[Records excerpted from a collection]
__________________________________________________

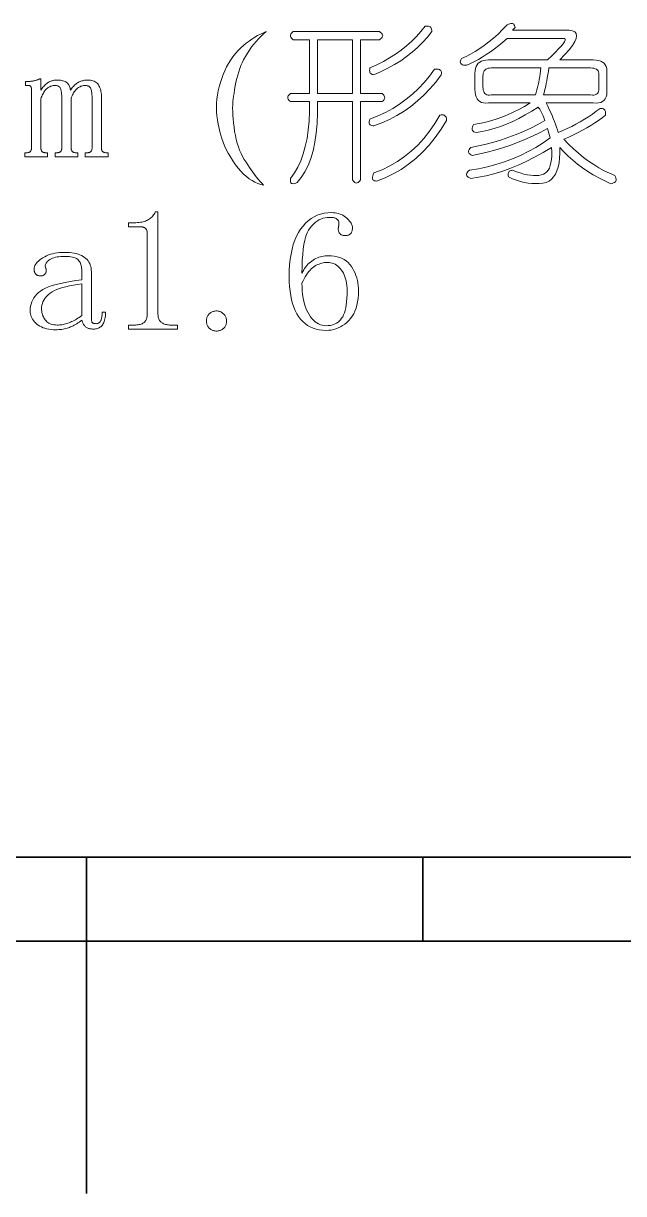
# Model space of a CAD drawing. Extents: x 0 to 297, y 0 to 210.
# Drawn here: x 146.63 to 164.47, y 0 to 34.78 of the extents above; entities that cross this region are included whole.
import ezdxf

# ---------------------------------------------------------------- set-up
doc = ezdxf.new("R2010")
doc.units = 0

msp = doc.modelspace()

# ---------------------------------------------------------------- linework, layer by layer
at = {"color": 7, "lineweight": 35}
for p, q in [((10, 10), (287, 10)), ((97, 10), (287, 10)), ((98.5, 7.5), (198.5, 7.5))]:
    msp.add_line(p, q, dxfattribs=at)
at = {"color": 7, "lineweight": 35, "ltscale": 0.25}
msp.add_line((148.5, 10), (148.5, 0), dxfattribs=at)
at = {"color": 7, "lineweight": 35, "ltscale": 0.0625}
msp.add_line((158.5, 10), (158.5, 7.5), dxfattribs=at)
at = {"color": 255, "lineweight": 13}
for points in [[(161.166, 34.575), (162.846, 34.575), (162.944, 34.559), (163.014, 34.527), (163.056, 34.479), (163.07, 34.415), (163.056, 34.335), (163.014, 34.239), (162.944, 34.127), (162.846, 33.999), (162.72, 33.855), (162.566, 33.695), (163.566, 33.695), (163.649, 33.691), (163.723, 33.679), (163.787, 33.659), (163.841, 33.631), (163.886, 33.595), (163.921, 33.551), (163.947, 33.499), (163.963, 33.439), (163.969, 33.371), (163.966, 33.295), (163.966, 32.815), (163.969, 32.732), (163.963, 32.658), (163.947, 32.594), (163.921, 32.54), (163.886, 32.495), (163.841, 32.46), (163.787, 32.434), (163.723, 32.418), (163.649, 32.412), (163.566, 32.415), (162.166, 32.415), (162.213, 32.32), (162.257, 32.226), (162.299, 32.134), (162.339, 32.044), (162.376, 31.955), (162.411, 31.868), (162.443, 31.782), (162.473, 31.698), (162.501, 31.616), (162.526, 31.535), (162.661, 31.593), (162.793, 31.654), (162.923, 31.718), (163.051, 31.785), (163.176, 31.855), (163.299, 31.929), (163.419, 32.006), (163.537, 32.086), (163.653, 32.169), (163.766, 32.255), (163.804, 32.253), (163.837, 32.247), (163.865, 32.237), (163.888, 32.223), (163.906, 32.205), (163.92, 32.183), (163.929, 32.157), (163.933, 32.127), (163.932, 32.093), (163.926, 32.055), (163.827, 31.976), (163.723, 31.898), (163.613, 31.822), (163.497, 31.748), (163.376, 31.675), (163.249, 31.604), (163.117, 31.534), (162.979, 31.466), (162.835, 31.4), (162.686, 31.335), (162.831, 31.188), (162.977, 31.049), (163.125, 30.919), (163.275, 30.798), (163.426, 30.685), (163.579, 30.582), (163.733, 30.487), (163.889, 30.401), (164.047, 30.324), (164.206, 30.255), (164.227, 30.217), (164.24, 30.182), (164.246, 30.15), (164.245, 30.121), (164.236, 30.095), (164.221, 30.073), (164.198, 30.054), (164.168, 30.038), (164.131, 30.025), (164.086, 30.015), (163.905, 30.098), (163.731, 30.186), (163.563, 30.28), (163.401, 30.38), (163.246, 30.485), (163.097, 30.596), (162.955, 30.712), (162.819, 30.834), (162.689, 30.962), (162.566, 31.095), (162.569, 30.926), (162.563, 30.772), (162.547, 30.632), (162.521, 30.506), (162.486, 30.395), (162.441, 30.298), (162.387, 30.216), (162.323, 30.148), (162.249, 30.094), (162.166, 30.055), (162.061, 30.035), (161.955, 30.023), (161.847, 30.019), (161.737, 30.023), (161.626, 30.035), (161.513, 30.055), (161.399, 30.083), (161.283, 30.119), (161.165, 30.163), (161.046, 30.215), (161.04, 30.253), (161.038, 30.287), (161.04, 30.317), (161.046, 30.343), (161.056, 30.365), (161.07, 30.383), (161.088, 30.397), (161.11, 30.407), (161.136, 30.413), (161.166, 30.415), (161.283, 30.371), (161.395, 30.334), (161.501, 30.304), (161.601, 30.281), (161.696, 30.265), (161.785, 30.257), (161.869, 30.256), (161.947, 30.262), (162.019, 30.275), (162.086, 30.295), (162.139, 30.325), (162.185, 30.366), (162.225, 30.418), (162.259, 30.481), (162.286, 30.555), (162.307, 30.641), (162.321, 30.738), (162.329, 30.846), (162.331, 30.965), (162.326, 31.095), (162.072, 30.942), (161.821, 30.802), (161.573, 30.676), (161.328, 30.564), (161.086, 30.465), (160.848, 30.38), (160.613, 30.308), (160.381, 30.25), (160.152, 30.206), (159.926, 30.175), (159.883, 30.192), (159.848, 30.21), (159.822, 30.23), (159.805, 30.252), (159.796, 30.275), (159.797, 30.3), (159.806, 30.326), (159.824, 30.354), (159.851, 30.384), (159.886, 30.415), (160.155, 30.461), (160.417, 30.518), (160.673, 30.586), (160.923, 30.665), (161.166, 30.755), (161.403, 30.857), (161.633, 30.97), (161.857, 31.094), (162.075, 31.229), (162.286, 31.375), (162.206, 31.655), (161.982, 31.539), (161.758, 31.431), (161.534, 31.331), (161.31, 31.239), (161.086, 31.155), (160.862, 31.079), (160.638, 31.011), (160.414, 30.951), (160.19, 30.899), (159.966, 30.855), (159.93, 30.872), (159.901, 30.89), (159.879, 30.91), (159.864, 30.932), (159.856, 30.955), (159.856, 30.98), (159.863, 31.006), (159.877, 31.034), (159.898, 31.064), (159.926, 31.095), (160.157, 31.139), (160.385, 31.191), (160.611, 31.251), (160.835, 31.319), (161.056, 31.395), (161.275, 31.479), (161.491, 31.571), (161.705, 31.671), (161.917, 31.779), (162.126, 31.895), (162.11, 31.942), (162.093, 31.988), (162.075, 32.032), (162.056, 32.074), (162.036, 32.115), (162.016, 32.154), (161.995, 32.192), (161.973, 32.228), (161.95, 32.262), (161.926, 32.295), (161.735, 32.172), (161.545, 32.06), (161.357, 31.958), (161.171, 31.866), (160.986, 31.785), (160.803, 31.714), (160.621, 31.654), (160.441, 31.604), (160.263, 31.564), (160.086, 31.535), (160.049, 31.545), (160.019, 31.558), (159.995, 31.574), (159.977, 31.593), (159.966, 31.615), (159.961, 31.641), (159.963, 31.67), (159.971, 31.702), (159.985, 31.737), (160.006, 31.775), (160.174, 31.803), (160.342, 31.839), (160.51, 31.883), (160.678, 31.935), (160.846, 31.995), (161.014, 32.063), (161.182, 32.139), (161.35, 32.223), (161.518, 32.315), (161.686, 32.415), (160.446, 32.415), (160.37, 32.412), (160.302, 32.418), (160.242, 32.434), (160.19, 32.46), (160.146, 32.495), (160.11, 32.54), (160.082, 32.594), (160.062, 32.658), (160.05, 32.732), (160.046, 32.815), (160.046, 33.295), (160.05, 33.371), (160.062, 33.439), (160.082, 33.499), (160.11, 33.551), (160.146, 33.595), (160.19, 33.631), (160.242, 33.659), (160.302, 33.679), (160.37, 33.691), (160.446, 33.695), (162.206, 33.695), (162.333, 33.817), (162.443, 33.926), (162.535, 34.022), (162.609, 34.105), (162.666, 34.175), (162.705, 34.233), (162.727, 34.278), (162.731, 34.31), (162.717, 34.329), (162.686, 34.335), (161.006, 34.335), (160.879, 34.226), (160.753, 34.124), (160.629, 34.028), (160.507, 33.938), (160.386, 33.855), (160.267, 33.778), (160.149, 33.708), (160.033, 33.644), (159.919, 33.586), (159.806, 33.535), (159.754, 33.537), (159.71, 33.543), (159.674, 33.553), (159.646, 33.567), (159.626, 33.585), (159.614, 33.607), (159.61, 33.633), (159.614, 33.663), (159.626, 33.697), (159.646, 33.735), (159.782, 33.796), (159.918, 33.865), (160.054, 33.943), (160.19, 34.03), (160.326, 34.125), (160.462, 34.23), (160.598, 34.343), (160.734, 34.465), (160.87, 34.596), (161.006, 34.735), (161.045, 34.756), (161.08, 34.77), (161.112, 34.778), (161.141, 34.78), (161.166, 34.775), (161.189, 34.764), (161.208, 34.746), (161.224, 34.722), (161.237, 34.692), (161.246, 34.655)], [(153.846, 34.535), (153.767, 34.469), (153.691, 34.399), (153.617, 34.325), (153.545, 34.247), (153.476, 34.165), (153.409, 34.079), (153.345, 33.989), (153.283, 33.895), (153.223, 33.797), (153.166, 33.695), (153.127, 33.613), (153.091, 33.527), (153.057, 33.437), (153.025, 33.343), (152.996, 33.245), (152.969, 33.143), (152.945, 33.037), (152.923, 32.927), (152.903, 32.813), (152.886, 32.695), (152.872, 32.62), (152.861, 32.54), (152.853, 32.454), (152.848, 32.362), (152.846, 32.265), (152.848, 32.162), (152.853, 32.054), (152.861, 31.94), (152.872, 31.82), (152.886, 31.695), (152.904, 31.57), (152.926, 31.449), (152.952, 31.333), (152.982, 31.222), (153.016, 31.115), (153.054, 31.014), (153.096, 30.917), (153.142, 30.825), (153.192, 30.738), (153.246, 30.655), (153.295, 30.576), (153.344, 30.5), (153.394, 30.426), (153.445, 30.354), (153.496, 30.285), (153.549, 30.218), (153.602, 30.154), (153.656, 30.092), (153.711, 30.032), (153.766, 29.975), (153.679, 29.996), (153.592, 30.025), (153.506, 30.063), (153.421, 30.11), (153.336, 30.165), (153.253, 30.23), (153.17, 30.303), (153.088, 30.385), (153.007, 30.476), (152.926, 30.575), (152.849, 30.694), (152.779, 30.81), (152.715, 30.924), (152.657, 31.036), (152.606, 31.145), (152.561, 31.252), (152.523, 31.356), (152.491, 31.458), (152.465, 31.558), (152.446, 31.655), (152.417, 31.783), (152.395, 31.91), (152.379, 32.036), (152.369, 32.161), (152.366, 32.285), (152.369, 32.409), (152.379, 32.532), (152.395, 32.654), (152.417, 32.775), (152.446, 32.895), (152.481, 33.021), (152.52, 33.143), (152.564, 33.261), (152.613, 33.375), (152.666, 33.485), (152.725, 33.591), (152.788, 33.693), (152.856, 33.791), (152.929, 33.885), (153.006, 33.975), (153.087, 34.053), (153.168, 34.126), (153.25, 34.194), (153.333, 34.257), (153.416, 34.315), (153.501, 34.369), (153.586, 34.418), (153.672, 34.462), (153.759, 34.501)], [(154.646, 34.535), (157.206, 34.535), (157.242, 34.511), (157.27, 34.487), (157.29, 34.463), (157.302, 34.439), (157.306, 34.415), (157.302, 34.391), (157.29, 34.367), (157.27, 34.343), (157.242, 34.319), (157.206, 34.295), (156.646, 34.295), (156.646, 32.695), (157.286, 32.695), (157.315, 32.671), (157.337, 32.647), (157.353, 32.623), (157.363, 32.599), (157.366, 32.575), (157.363, 32.551), (157.353, 32.527), (157.337, 32.503), (157.315, 32.479), (157.286, 32.455), (156.646, 32.455), (156.646, 30.135), (156.622, 30.099), (156.598, 30.071), (156.574, 30.051), (156.55, 30.039), (156.526, 30.035), (156.502, 30.039), (156.478, 30.051), (156.454, 30.071), (156.43, 30.099), (156.406, 30.135), (156.406, 32.455), (155.366, 32.455), (155.367, 32.122), (155.355, 31.809), (155.329, 31.517), (155.289, 31.246), (155.236, 30.995), (155.169, 30.766), (155.089, 30.557), (154.995, 30.369), (154.887, 30.202), (154.766, 30.055), (154.721, 30.035), (154.681, 30.022), (154.647, 30.016), (154.619, 30.017), (154.596, 30.025), (154.579, 30.041), (154.567, 30.064), (154.561, 30.094), (154.561, 30.131), (154.566, 30.175), (154.68, 30.335), (154.781, 30.51), (154.869, 30.7), (154.944, 30.905), (155.006, 31.125), (155.056, 31.361), (155.093, 31.612), (155.117, 31.878), (155.128, 32.159), (155.126, 32.455), (154.566, 32.455), (154.537, 32.479), (154.515, 32.503), (154.499, 32.527), (154.489, 32.551), (154.486, 32.575), (154.489, 32.599), (154.499, 32.623), (154.515, 32.647), (154.537, 32.671), (154.566, 32.695), (155.126, 32.695), (155.126, 34.295), (154.646, 34.295), (154.617, 34.319), (154.595, 34.343), (154.579, 34.367), (154.569, 34.391), (154.566, 34.415), (154.569, 34.439), (154.579, 34.463), (154.595, 34.487), (154.617, 34.511)], [(158.566, 34.695), (158.604, 34.701), (158.638, 34.702), (158.668, 34.698), (158.694, 34.689), (158.716, 34.675), (158.734, 34.657), (158.748, 34.634), (158.758, 34.606), (158.764, 34.573), (158.766, 34.535), (158.634, 34.371), (158.493, 34.215), (158.343, 34.067), (158.184, 33.927), (158.016, 33.795), (157.84, 33.671), (157.655, 33.555), (157.461, 33.447), (157.258, 33.347), (157.046, 33.255), (157.016, 33.257), (156.99, 33.263), (156.968, 33.273), (156.95, 33.287), (156.936, 33.305), (156.926, 33.327), (156.92, 33.353), (156.918, 33.383), (156.92, 33.417), (156.926, 33.455), (157.13, 33.547), (157.325, 33.646), (157.511, 33.752), (157.688, 33.865), (157.856, 33.985), (158.016, 34.113), (158.167, 34.248), (158.309, 34.39), (158.442, 34.539)], [(156.406, 34.295), (155.366, 34.295), (155.366, 32.695), (156.406, 32.695)], [(158.846, 33.415), (158.891, 33.421), (158.931, 33.422), (158.965, 33.418), (158.993, 33.409), (159.016, 33.395), (159.033, 33.377), (159.045, 33.354), (159.051, 33.326), (159.051, 33.293), (159.046, 33.255), (158.882, 33.038), (158.71, 32.836), (158.53, 32.648), (158.342, 32.474), (158.146, 32.315), (157.942, 32.17), (157.73, 32.04), (157.51, 31.924), (157.282, 31.822), (157.046, 31.735), (157.009, 31.737), (156.977, 31.743), (156.951, 31.753), (156.931, 31.767), (156.916, 31.785), (156.907, 31.807), (156.903, 31.833), (156.905, 31.863), (156.913, 31.897), (156.926, 31.935), (157.161, 32.029), (157.387, 32.135), (157.603, 32.253), (157.809, 32.383), (158.006, 32.525), (158.193, 32.679), (158.371, 32.845), (158.539, 33.023), (158.697, 33.213)], [(162.006, 33.455), (160.526, 33.455), (160.481, 33.453), (160.44, 33.446), (160.404, 33.434), (160.373, 33.417), (160.346, 33.395), (160.325, 33.369), (160.308, 33.338), (160.296, 33.302), (160.289, 33.261), (160.286, 33.215), (160.286, 32.895), (160.289, 32.842), (160.296, 32.796), (160.308, 32.756), (160.325, 32.722), (160.346, 32.695), (160.373, 32.674), (160.404, 32.66), (160.44, 32.652), (160.481, 32.65), (160.526, 32.655), (161.846, 32.655), (161.869, 32.728), (161.891, 32.802), (161.911, 32.878), (161.929, 32.956), (161.946, 33.035), (161.961, 33.116), (161.975, 33.198), (161.987, 33.282), (161.997, 33.368)], [(163.486, 33.455), (162.246, 33.455), (162.23, 33.354), (162.214, 33.257), (162.198, 33.165), (162.182, 33.078), (162.166, 32.995), (162.15, 32.918), (162.134, 32.845), (162.118, 32.777), (162.102, 32.714), (162.086, 32.655), (163.486, 32.655), (163.539, 32.65), (163.585, 32.652), (163.625, 32.66), (163.659, 32.674), (163.686, 32.695), (163.707, 32.722), (163.721, 32.756), (163.729, 32.796), (163.731, 32.842), (163.726, 32.895), (163.726, 33.215), (163.731, 33.261), (163.729, 33.302), (163.721, 33.338), (163.707, 33.369), (163.686, 33.395), (163.659, 33.417), (163.625, 33.434), (163.585, 33.446), (163.539, 33.453)], [(146.746, 33.055), (146.766, 33.055), (146.786, 33.056), (146.806, 33.057), (146.826, 33.058), (146.846, 33.06), (146.866, 33.062), (146.886, 33.065), (146.906, 33.068), (146.926, 33.071), (146.946, 33.075), (146.966, 33.079), (146.985, 33.084), (147.003, 33.089), (147.02, 33.094), (147.036, 33.1), (147.052, 33.106), (147.067, 33.113), (147.081, 33.12), (147.094, 33.127), (147.106, 33.135), (147.146, 33.135), (147.146, 32.795), (147.166, 32.826), (147.187, 32.856), (147.208, 32.883), (147.229, 32.909), (147.251, 32.933), (147.273, 32.955), (147.296, 32.975), (147.319, 32.994), (147.342, 33.01), (147.366, 33.025), (147.39, 33.039), (147.415, 33.05), (147.44, 33.061), (147.465, 33.07), (147.491, 33.078), (147.517, 33.084), (147.544, 33.089), (147.571, 33.092), (147.598, 33.095), (147.626, 33.095), (147.661, 33.095), (147.695, 33.092), (147.727, 33.089), (147.757, 33.084), (147.786, 33.078), (147.813, 33.07), (147.839, 33.061), (147.863, 33.05), (147.885, 33.039), (147.906, 33.025), (147.925, 33.01), (147.943, 32.994), (147.959, 32.975), (147.973, 32.955), (147.986, 32.933), (147.997, 32.909), (148.007, 32.883), (148.015, 32.856), (148.021, 32.826), (148.026, 32.795), (148.047, 32.826), (148.067, 32.856), (148.089, 32.883), (148.111, 32.909), (148.134, 32.933), (148.157, 32.955), (148.181, 32.975), (148.205, 32.994), (148.231, 33.01), (148.256, 33.025), (148.282, 33.039), (148.309, 33.05), (148.335, 33.061), (148.362, 33.07), (148.389, 33.078), (148.416, 33.084), (148.443, 33.089), (148.471, 33.092), (148.498, 33.095), (148.526, 33.095), (148.573, 33.094), (148.616, 33.09), (148.657, 33.083), (148.694, 33.073), (148.729, 33.06), (148.76, 33.045), (148.789, 33.027), (148.814, 33.006), (148.837, 32.982), (148.856, 32.955), (148.873, 32.926), (148.889, 32.896), (148.902, 32.864), (148.914, 32.83), (148.924, 32.795), (148.932, 32.758), (148.938, 32.72), (148.943, 32.68), (148.945, 32.638), (148.946, 32.595), (148.946, 31.075), (148.947, 31.06), (148.948, 31.045), (148.95, 31.032), (148.953, 31.019), (148.956, 31.008), (148.961, 30.997), (148.966, 30.988), (148.972, 30.979), (148.979, 30.972), (148.986, 30.965), (148.995, 30.96), (149.004, 30.954), (149.014, 30.95), (149.025, 30.946), (149.036, 30.943), (149.049, 30.94), (149.062, 30.938), (149.076, 30.936), (149.091, 30.936), (149.106, 30.935), (149.146, 30.935), (149.146, 30.815), (148.466, 30.815), (148.466, 30.935), (148.506, 30.935), (148.522, 30.936), (148.537, 30.936), (148.551, 30.938), (148.564, 30.94), (148.576, 30.943), (148.588, 30.946), (148.599, 30.95), (148.609, 30.954), (148.618, 30.96), (148.626, 30.965), (148.634, 30.972), (148.641, 30.979), (148.647, 30.988), (148.652, 30.997), (148.656, 31.008), (148.66, 31.019), (148.663, 31.032), (148.665, 31.045), (148.666, 31.06), (148.666, 31.075), (148.666, 32.575), (148.666, 32.618), (148.664, 32.657), (148.662, 32.694), (148.658, 32.727), (148.654, 32.758), (148.648, 32.785), (148.642, 32.81), (148.634, 32.831), (148.626, 32.85), (148.616, 32.865), (148.606, 32.879), (148.594, 32.89), (148.582, 32.901), (148.568, 32.91), (148.554, 32.918), (148.538, 32.924), (148.522, 32.929), (148.504, 32.932), (148.486, 32.935), (148.466, 32.935), (148.439, 32.934), (148.411, 32.931), (148.385, 32.926), (148.359, 32.919), (148.334, 32.91), (148.309, 32.899), (148.285, 32.886), (148.261, 32.871), (148.239, 32.854), (148.216, 32.835), (148.195, 32.814), (148.174, 32.792), (148.155, 32.768), (148.136, 32.742), (148.119, 32.715), (148.102, 32.686), (148.087, 32.656), (148.072, 32.624), (148.059, 32.59), (148.046, 32.555), (148.046, 31.075), (148.047, 31.06), (148.048, 31.045), (148.05, 31.032), (148.053, 31.019), (148.056, 31.008), (148.061, 30.997), (148.066, 30.988), (148.072, 30.979), (148.079, 30.972), (148.086, 30.965), (148.095, 30.96), (148.104, 30.954), (148.114, 30.95), (148.125, 30.946), (148.136, 30.943), (148.149, 30.94), (148.162, 30.938), (148.176, 30.936), (148.191, 30.936), (148.206, 30.935), (148.246, 30.935), (148.246, 30.815), (147.566, 30.815), (147.566, 30.935), (147.606, 30.935), (147.622, 30.936), (147.637, 30.936), (147.651, 30.938), (147.664, 30.94), (147.676, 30.943), (147.688, 30.946), (147.699, 30.95), (147.709, 30.954), (147.718, 30.96), (147.726, 30.965), (147.734, 30.972), (147.741, 30.979), (147.747, 30.988), (147.752, 30.997), (147.756, 31.008), (147.76, 31.019), (147.763, 31.032), (147.765, 31.045), (147.766, 31.06), (147.766, 31.075), (147.766, 32.575), (147.766, 32.61), (147.765, 32.644), (147.763, 32.675), (147.76, 32.705), (147.756, 32.733), (147.752, 32.759), (147.747, 32.783), (147.741, 32.806), (147.734, 32.826), (147.726, 32.845), (147.717, 32.862), (147.707, 32.878), (147.695, 32.891), (147.681, 32.903), (147.666, 32.913), (147.649, 32.921), (147.631, 32.927), (147.611, 32.932), (147.589, 32.934), (147.566, 32.935), (147.539, 32.934), (147.511, 32.931), (147.485, 32.926), (147.459, 32.919), (147.434, 32.91), (147.409, 32.899), (147.385, 32.886), (147.361, 32.871), (147.339, 32.854), (147.316, 32.835), (147.295, 32.814), (147.274, 32.791), (147.255, 32.766), (147.236, 32.739), (147.219, 32.71), (147.202, 32.679), (147.187, 32.646), (147.172, 32.611), (147.159, 32.574), (147.146, 32.535), (147.146, 31.075), (147.147, 31.06), (147.148, 31.045), (147.15, 31.032), (147.153, 31.019), (147.156, 31.008), (147.161, 30.997), (147.166, 30.988), (147.172, 30.979), (147.179, 30.972), (147.186, 30.965), (147.195, 30.96), (147.204, 30.954), (147.214, 30.95), (147.225, 30.946), (147.236, 30.943), (147.249, 30.94), (147.262, 30.938), (147.276, 30.936), (147.291, 30.936), (147.306, 30.935), (147.346, 30.935), (147.346, 30.815), (146.666, 30.815), (146.666, 30.935), (146.706, 30.935), (146.722, 30.936), (146.737, 30.936), (146.751, 30.938), (146.764, 30.94), (146.776, 30.943), (146.788, 30.946), (146.799, 30.95), (146.809, 30.954), (146.818, 30.96), (146.826, 30.965), (146.834, 30.972), (146.841, 30.979), (146.847, 30.988), (146.852, 30.997), (146.856, 31.008), (146.86, 31.019), (146.863, 31.032), (146.865, 31.045), (146.866, 31.06), (146.866, 31.075), (146.866, 32.815), (146.866, 32.827), (146.865, 32.838), (146.864, 32.849), (146.863, 32.858), (146.861, 32.868), (146.859, 32.876), (146.856, 32.885), (146.853, 32.892), (146.85, 32.899), (146.846, 32.905), (146.842, 32.911), (146.837, 32.916), (146.831, 32.921), (146.824, 32.924), (146.816, 32.928), (146.808, 32.93), (146.799, 32.933), (146.789, 32.934), (146.778, 32.935), (146.766, 32.935), (146.686, 32.935), (146.686, 33.055)], [(159.206, 31.895), (159.041, 31.632), (158.867, 31.388), (158.683, 31.162), (158.489, 30.954), (158.286, 30.765), (158.073, 30.594), (157.851, 30.442), (157.619, 30.308), (157.377, 30.192), (157.126, 30.095), (157.089, 30.098), (157.059, 30.105), (157.035, 30.117), (157.017, 30.134), (157.006, 30.155), (157.001, 30.182), (157.003, 30.213), (157.011, 30.249), (157.025, 30.29), (157.046, 30.335), (157.289, 30.432), (157.521, 30.545), (157.743, 30.675), (157.955, 30.822), (158.156, 30.985), (158.347, 31.166), (158.527, 31.363), (158.697, 31.577), (158.857, 31.808), (159.006, 32.055), (159.044, 32.061), (159.078, 32.062), (159.108, 32.058), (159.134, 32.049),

__________________________________________________

The reply should hold an exact repeat of the entries from their opening line through the line with "msp = doc.modelspace()", and no pictures at all.

ANSWER FOR THE TASK:
# Model space of a CAD drawing. Extents: x 0 to 297, y 0 to 210.
# Drawn here: x 146.63 to 164.47, y 0 to 34.78 of the extents above; entities that cross this region are included whole.
import ezdxf

# ---------------------------------------------------------------- set-up
doc = ezdxf.new("R2010")
doc.units = 0

msp = doc.modelspace()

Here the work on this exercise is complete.